Only small-scale fine-tuning (7B/13B) is evaluated; effectiveness on larger models (70B+) has yet to be confirmed.
No analysis is provided on the common characteristics of MIWV-selected data—what properties (task type, complexity, or other factors) tend to yield high MIWV scores remains an open question.

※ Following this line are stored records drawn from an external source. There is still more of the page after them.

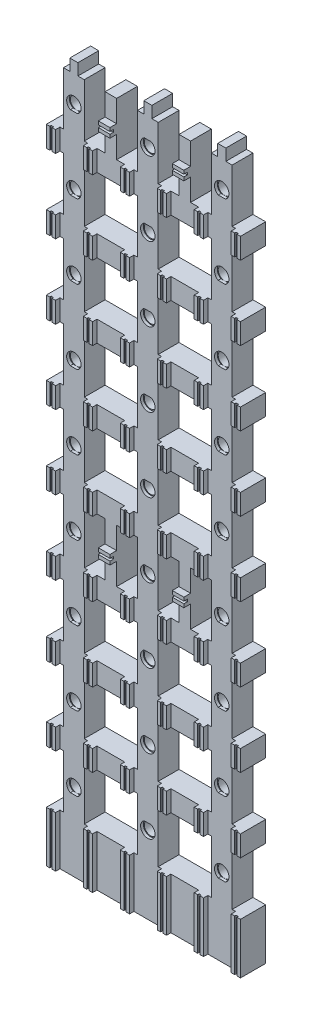
from build123d import *

# Parameters (mm, degrees)
SKETCH1_W            = 84
SKETCH1_H            = 22
BOSS_EXTRUDE1_DEPTH  = 9
BOSS_EXTRUDE2_DEPTH  = 9
LPATTERN1_COUNT      = 3
LPATTERN1_PITCH      = 32
SKETCH3_W            = 84
SKETCH3_H            = 9
BOSS_EXTRUDE3_DEPTH  = 9
LPATTERN2_COUNT      = 8
LPATTERN2_PITCH      = 32
SKETCH4_W            = 5
SKETCH4_H            = 23
BOSS_EXTRUDE4_DEPTH  = 9
LPATTERN3_COUNT      = 2
LPATTERN3_PITCH      = 32
LPATTERN3_COUNT_DIR2 = 2
LPATTERN3_PITCH_DIR2 = 160
SKETCH5_R            = 2.725
CUT_EXTRUDE1_DEPTH   = 299.110717687
CUT_EXTRUDE2_DEPTH   = 1.2
SKETCH7_W            = 4
SKETCH7_H            = 22
BOSS_EXTRUDE5_DEPTH  = 1.9
SKETCH8_W            = 4
SKETCH8_H            = 9
BOSS_EXTRUDE6_DEPTH  = 1.9
LPATTERN4_COUNT      = 8
LPATTERN4_PITCH      = 32
SKETCH9_W            = 1
SKETCH9_H            = 22
CUT_EXTRUDE3_DEPTH   = 0.6
LPATTERN5_COUNT      = 6
LPATTERN5_PITCH      = 16
LPATTERN5_COUNT_DIR2 = 9
LPATTERN5_PITCH_DIR2 = 32
SKETCH10_W           = 5
SKETCH10_H           = 4
BOSS_EXTRUDE7_DEPTH  = 2.9
LPATTERN6_COUNT      = 2
LPATTERN6_PITCH      = 32
LPATTERN6_COUNT_DIR2 = 2
LPATTERN6_PITCH_DIR2 = 160
SKETCH11_W           = 5
SKETCH11_H           = 1
CUT_EXTRUDE4_DEPTH   = 1.5
LPATTERN7_COUNT      = 2
LPATTERN7_PITCH      = 32
LPATTERN7_COUNT_DIR2 = 2
LPATTERN7_PITCH_DIR2 = 160


with BuildPart() as part:
    # Sketch1 → Boss-Extrude1 (new body)
    with BuildSketch(Plane.XY):
        Rectangle(SKETCH1_W, SKETCH1_H)
    extrude(amount=BOSS_EXTRUDE1_DEPTH)

    # Sketch2 → Boss-Extrude2 (add)
    with BuildSketch(Plane.XY.offset(9)):
        Polygon((-36.5, 11), (-27.5, 11), (-27.5, 290), (-30.25, 290), (-30.25, 295), (-33.75, 295), (-33.75, 290), (-36.5, 290), align=None)
    boss_extrude2 = extrude(amount=-BOSS_EXTRUDE2_DEPTH)

    # LPattern1: Boss-Extrude2 ×3
    with Locations(*[(i * LPATTERN1_PITCH, 0, 0) for i in range(1, LPATTERN1_COUNT)]):
        add(boss_extrude2)

    # Sketch3 → Boss-Extrude3 (add)
    with BuildSketch(Plane.XY.offset(9)):
        with Locations((0, 38.5)):
            Rectangle(SKETCH3_W, SKETCH3_H)
    boss_extrude3 = extrude(amount=-BOSS_EXTRUDE3_DEPTH)

    # LPattern2: Boss-Extrude3 ×8
    with Locations(*[(0, i * LPATTERN2_PITCH, 0) for i in range(1, LPATTERN2_COUNT)]):
        add(boss_extrude3)

    # Sketch4 → Boss-Extrude4 (add)
    with BuildSketch(Plane.XY.offset(9)):
        with Locations((-16, 118.5)):
            Rectangle(SKETCH4_W, SKETCH4_H)
    boss_extrude4 = extrude(amount=-BOSS_EXTRUDE4_DEPTH)

    # LPattern3: Boss-Extrude4 2 × 2
    with Locations(*[(i * LPATTERN3_PITCH, j * LPATTERN3_PITCH_DIR2, 0) for i in range(LPATTERN3_COUNT) for j in range(LPATTERN3_COUNT_DIR2) if (i, j) != (0, 0)]):
        add(boss_extrude4)

    # Sketch5 → Cut-Extrude1 (cut, through all)
    with BuildSketch(Plane.XY.offset(9)):
        with Locations((-32, 22.5)):
            Circle(SKETCH5_R)
        with Locations((0, 22.5)):
            Circle(SKETCH5_R)
        with Locations((32, 22.5)):
            Circle(SKETCH5_R)
        with Locations((-32, 54.5)):
            Circle(SKETCH5_R)
        with Locations((0, 54.5)):
            Circle(SKETCH5_R)
        with Locations((32, 54.5)):
            Circle(SKETCH5_R)
        with Locations((-32, 86.5)):
            Circle(SKETCH5_R)
        with Locations((0, 86.5)):
            Circle(SKETCH5_R)
        with Locations((32, 86.5)):
            Circle(SKETCH5_R)
        with Locations((-32, 118.5)):
            Circle(SKETCH5_R)
        with Locations((0, 118.5)):
            Circle(SKETCH5_R)
        with Locations((32, 118.5)):
            Circle(SKETCH5_R)
        with Locations((-32, 150.5)):
            Circle(SKETCH5_R)
        with Locations((0, 150.5)):
            Circle(SKETCH5_R)
        with Locations((32, 150.5)):
            Circle(SKETCH5_R)
        with Locations((-32, 182.5)):
            Circle(SKETCH5_R)
        with Locations((0, 182.5)):
            Circle(SKETCH5_R)
        with Locations((32, 182.5)):
            Circle(SKETCH5_R)
        with Locations((-32, 214.5)):
            Circle(SKETCH5_R)
        with Locations((0, 214.5)):
            Circle(SKETCH5_R)
        with Locations((32, 214.5)):
            Circle(SKETCH5_R)
        with Locations((-32, 246.5)):
            Circle(SKETCH5_R)
        with Locations((0, 246.5)):
            Circle(SKETCH5_R)
        with Locations((32, 246.5)):
            Circle(SKETCH5_R)
        with Locations((-32, 278.5)):
            Circle(SKETCH5_R)
        with Locations((0, 278.5)):
            Circle(SKETCH5_R)
        with Locations((32, 278.5)):
            Circle(SKETCH5_R)
    extrude(amount=-CUT_EXTRUDE1_DEPTH, mode=Mode.SUBTRACT)

    # Sketch6 → Cut-Extrude2 (cut)
    with BuildSketch(Plane.XY.offset(9)):
        with BuildLine():
            Line((-33.529705854, 19.775), (-30.470294146, 19.775))
            ThreePointArc((-30.470294146, 19.775), (-32, 25.625), (-33.529705854, 19.775))
        make_face()
        with BuildLine():
            Line((-1.529705854, 25.225), (1.529705854, 25.225))
            ThreePointArc((1.529705854, 25.225), (0, 19.375), (-1.529705854, 25.225))
        make_face()
        with BuildLine():
            Line((30.470294146, 19.775), (33.529705854, 19.775))
            ThreePointArc((33.529705854, 19.775), (32, 25.625), (30.470294146, 19.775))
        make_face()
        with BuildLine():
            Line((-33.529705854, 51.775), (-30.470294146, 51.775))
            ThreePointArc((-30.470294146, 51.775), (-32, 57.625), (-33.529705854, 51.775))
        make_face()
        with BuildLine():
            Line((-1.529705854, 57.225), (1.529705854, 57.225))
            ThreePointArc((1.529705854, 57.225), (0, 51.375), (-1.529705854, 57.225))
        make_face()
        with BuildLine():
            Line((30.470294146, 51.775), (33.529705854, 51.775))
            ThreePointArc((33.529705854, 51.775), (32, 57.625), (30.470294146, 51.775))
        make_face()
        with BuildLine():
            Line((-33.529705854, 83.775), (-30.470294146, 83.775))
            ThreePointArc((-30.470294146, 83.775), (-32, 89.625), (-33.529705854, 83.775))
        make_face()
        with BuildLine():
            Line((-1.529705854, 89.225), (1.529705854, 89.225))
            ThreePointArc((1.529705854, 89.225), (0, 83.375), (-1.529705854, 89.225))
        make_face()
        with BuildLine():
            Line((30.470294146, 83.775), (33.529705854, 83.775))
            ThreePointArc((33.529705854, 83.775), (32, 89.625), (30.470294146, 83.775))
        make_face()
        with BuildLine():
            Line((-33.529705854, 115.775), (-30.470294146, 115.775))
            ThreePointArc((-30.470294146, 115.775), (-32, 121.625), (-33.529705854, 115.775))
        make_face()
        with BuildLine():
            Line((-1.529705854, 121.225), (1.529705854, 121.225))
            ThreePointArc((1.529705854, 121.225), (0, 115.375), (-1.529705854, 121.225))
        make_face()
        with BuildLine():
            Line((30.470294146, 115.775), (33.529705854, 115.775))
            ThreePointArc((33.529705854, 115.775), (32, 121.625), (30.470294146, 115.775))
        make_face()
        with BuildLine():
            Line((-33.529705854, 147.775), (-30.470294146, 147.775))
            ThreePointArc((-30.470294146, 147.775), (-32, 153.625), (-33.529705854, 147.775))
        make_face()
        with BuildLine():
            Line((-1.529705854, 153.225), (1.529705854, 153.225))
            ThreePointArc((1.529705854, 153.225), (0, 147.375), (-1.529705854, 153.225))
        make_face()
        with BuildLine():
            Line((30.470294146, 147.775), (33.529705854, 147.775))
            ThreePointArc((33.529705854, 147.775), (32, 153.625), (30.470294146, 147.775))
        make_face()
        with BuildLine():
            Line((-33.529705854, 179.775), (-30.470294146, 179.775))
            ThreePointArc((-30.470294146, 179.775), (-32, 185.625), (-33.529705854, 179.775))
        make_face()
        with BuildLine():
            Line((-1.529705854, 185.225), (1.529705854, 185.225))
            ThreePointArc((1.529705854, 185.225), (0, 179.375), (-1.529705854, 185.225))
        make_face()
        with BuildLine():
            Line((30.470294146, 179.775), (33.529705854, 179.775))
            ThreePointArc((33.529705854, 179.775), (32, 185.625), (30.470294146, 179.775))
        make_face()
        with BuildLine():
            Line((-33.529705854, 211.775), (-30.470294146, 211.775))
            ThreePointArc((-30.470294146, 211.775), (-32, 217.625), (-33.529705854, 211.775))
        make_face()
        with BuildLine():
            Line((-1.529705854, 217.225), (1.529705854, 217.225))
            ThreePointArc((1.529705854, 217.225), (0, 211.375), (-1.529705854, 217.225))
        make_face()
        with BuildLine():
            Line((30.470294146, 211.775), (33.529705854, 211.775))
            ThreePointArc((33.529705854, 211.775), (32, 217.625), (30.470294146, 211.775))
        make_face()
        with BuildLine():
            Line((-33.529705854, 243.775), (-30.470294146, 243.775))
            ThreePointArc((-30.470294146, 243.775), (-32, 249.625), (-33.529705854, 243.775))
        make_face()
        with BuildLine():
            Line((-1.529705854, 249.225), (1.529705854, 249.225))
            ThreePointArc((1.529705854, 249.225), (0, 243.375), (-1.529705854, 249.225))
        make_face()
        with BuildLine():
            Line((30.470294146, 243.775), (33.529705854, 243.775))
            ThreePointArc((33.529705854, 243.775), (32, 249.625), (30.470294146, 243.775))
        make_face()
        with BuildLine():
            Line((-33.529705854, 275.775), (-30.470294146, 275.775))
            ThreePointArc((-30.470294146, 275.775), (-32, 281.625), (-33.529705854, 275.775))
        make_face()
        with BuildLine():
            Line((-1.529705854, 281.225), (1.529705854, 281.225))
            ThreePointArc((1.529705854, 281.225), (0, 275.375), (-1.529705854, 281.225))
        make_face()
        with BuildLine():
            Line((30.470294146, 275.775), (33.529705854, 275.775))
            ThreePointArc((33.529705854, 275.775), (32, 281.625), (30.470294146, 275.775))
        make_face()
    extrude(amount=-CUT_EXTRUDE2_DEPTH, mode=Mode.SUBTRACT)

    # Sketch7 → Boss-Extrude5 (add)
    with BuildSketch(Plane.XY.offset(9)):
        with Locations((-40, 0)):
            Rectangle(SKETCH7_W, SKETCH7_H)
        with Locations((-24, 0)):
            Rectangle(SKETCH7_W, SKETCH7_H)
        with Locations((-8, 0)):
            Rectangle(SKETCH7_W, SKETCH7_H)
        with Locations((8, 0)):
            Rectangle(SKETCH7_W, SKETCH7_H)
        with Locations((24, 0)):
            Rectangle(SKETCH7_W, SKETCH7_H)
        with Locations((40, 0)):
            Rectangle(SKETCH7_W, SKETCH7_H)
    extrude(amount=BOSS_EXTRUDE5_DEPTH)

    # Sketch8 → Boss-Extrude6 (add)
    with BuildSketch(Plane.XY.offset(9)):
        with Locations((-40, 38.5)):
            Rectangle(SKETCH8_W, SKETCH8_H)
        with Locations((-24, 38.5)):
            Rectangle(SKETCH8_W, SKETCH8_H)
        with Locations((-8, 38.5)):
            Rectangle(SKETCH8_W, SKETCH8_H)
        with Locations((8, 38.5)):
            Rectangle(SKETCH8_W, SKETCH8_H)
        with Locations((24, 38.5)):
            Rectangle(SKETCH8_W, SKETCH8_H)
        with Locations((40, 38.5)):
            Rectangle(SKETCH8_W, SKETCH8_H)
    boss_extrude6 = extrude(amount=BOSS_EXTRUDE6_DEPTH)

    # LPattern4: Boss-Extrude6 ×8
    with Locations(*[(0, i * LPATTERN4_PITCH, 0) for i in range(1, LPATTERN4_COUNT)]):
        add(boss_extrude6)

    # Sketch9 → Cut-Extrude3 (cut)
    with BuildSketch(Plane.XY.offset(10.9)):
        with Locations((-40, 0)):
            Rectangle(SKETCH9_W, SKETCH9_H)
    cut_extrude3 = extrude(amount=-CUT_EXTRUDE3_DEPTH, mode=Mode.SUBTRACT)

    # LPattern5: Cut-Extrude3 6 × 9
    with Locations(*[(i * LPATTERN5_PITCH, j * LPATTERN5_PITCH_DIR2, 0) for i in range(LPATTERN5_COUNT) for j in range(LPATTERN5_COUNT_DIR2) if (i, j) != (0, 0)]):
        add(cut_extrude3, mode=Mode.SUBTRACT)

    # Sketch10 → Boss-Extrude7 (add)
    with BuildSketch(Plane.XY.offset(9)):
        with Locations((-16, 118.5)):
            Rectangle(SKETCH10_W, SKETCH10_H)
    boss_extrude7 = extrude(amount=BOSS_EXTRUDE7_DEPTH)

    # LPattern6: Boss-Extrude7 2 × 2
    with Locations(*[(i * LPATTERN6_PITCH, j * LPATTERN6_PITCH_DIR2, 0) for i in range(LPATTERN6_COUNT) for j in range(LPATTERN6_COUNT_DIR2) if (i, j) != (0, 0)]):
        add(boss_extrude7)

    # Sketch11 → Cut-Extrude4 (cut)
    with BuildSketch(Plane.XY.offset(11.9)):
        with Locations((-16, 118.5)):
            Rectangle(SKETCH11_W, SKETCH11_H)
    cut_extrude4 = extrude(amount=-CUT_EXTRUDE4_DEPTH, mode=Mode.SUBTRACT)

    # LPattern7: Cut-Extrude4 2 × 2
    with Locations(*[(i * LPATTERN7_PITCH, j * LPATTERN7_PITCH_DIR2, 0) for i in range(LPATTERN7_COUNT) for j in range(LPATTERN7_COUNT_DIR2) if (i, j) != (0, 0)]):
        add(cut_extrude4, mode=Mode.SUBTRACT)


solid = part.part

vs. IFD Score: IFD assesses data difficulty via loss differences before and after fine-tuning, requiring one full training round; MIWV requires no training at all and directly estimates importance via ICL differences.
vs. SelectIT: SelectIT computes quality scores from token probability distributions over multiple inference runs, requiring complex multi-pass inference; MIWV requires only two forward passes (with and without ICL), making it simpler and more efficient.
vs. Superfiltering: Superfiltering is more computationally efficient (using a smaller model for scoring), but the mismatch between the scoring model and the training model results in a lower win rate; MIWV consistently uses the target model itself for evaluation.

Rating¶

Novelty: ⭐⭐⭐⭐ MIWV is a concise and effective metric; using ICL difference as a proxy for data value represents a novel perspective.
Experimental Thoroughness: ⭐⭐⭐⭐ Evaluations span multiple datasets, models, and baselines, complemented by ablation studies.
Writing Quality: ⭐⭐⭐⭐ The method is clearly presented and experimental results are well reported.
Value: ⭐⭐⭐⭐⭐ The finding that 1% of data surpasses full-data training has significant practical implications for real-world training pipelines.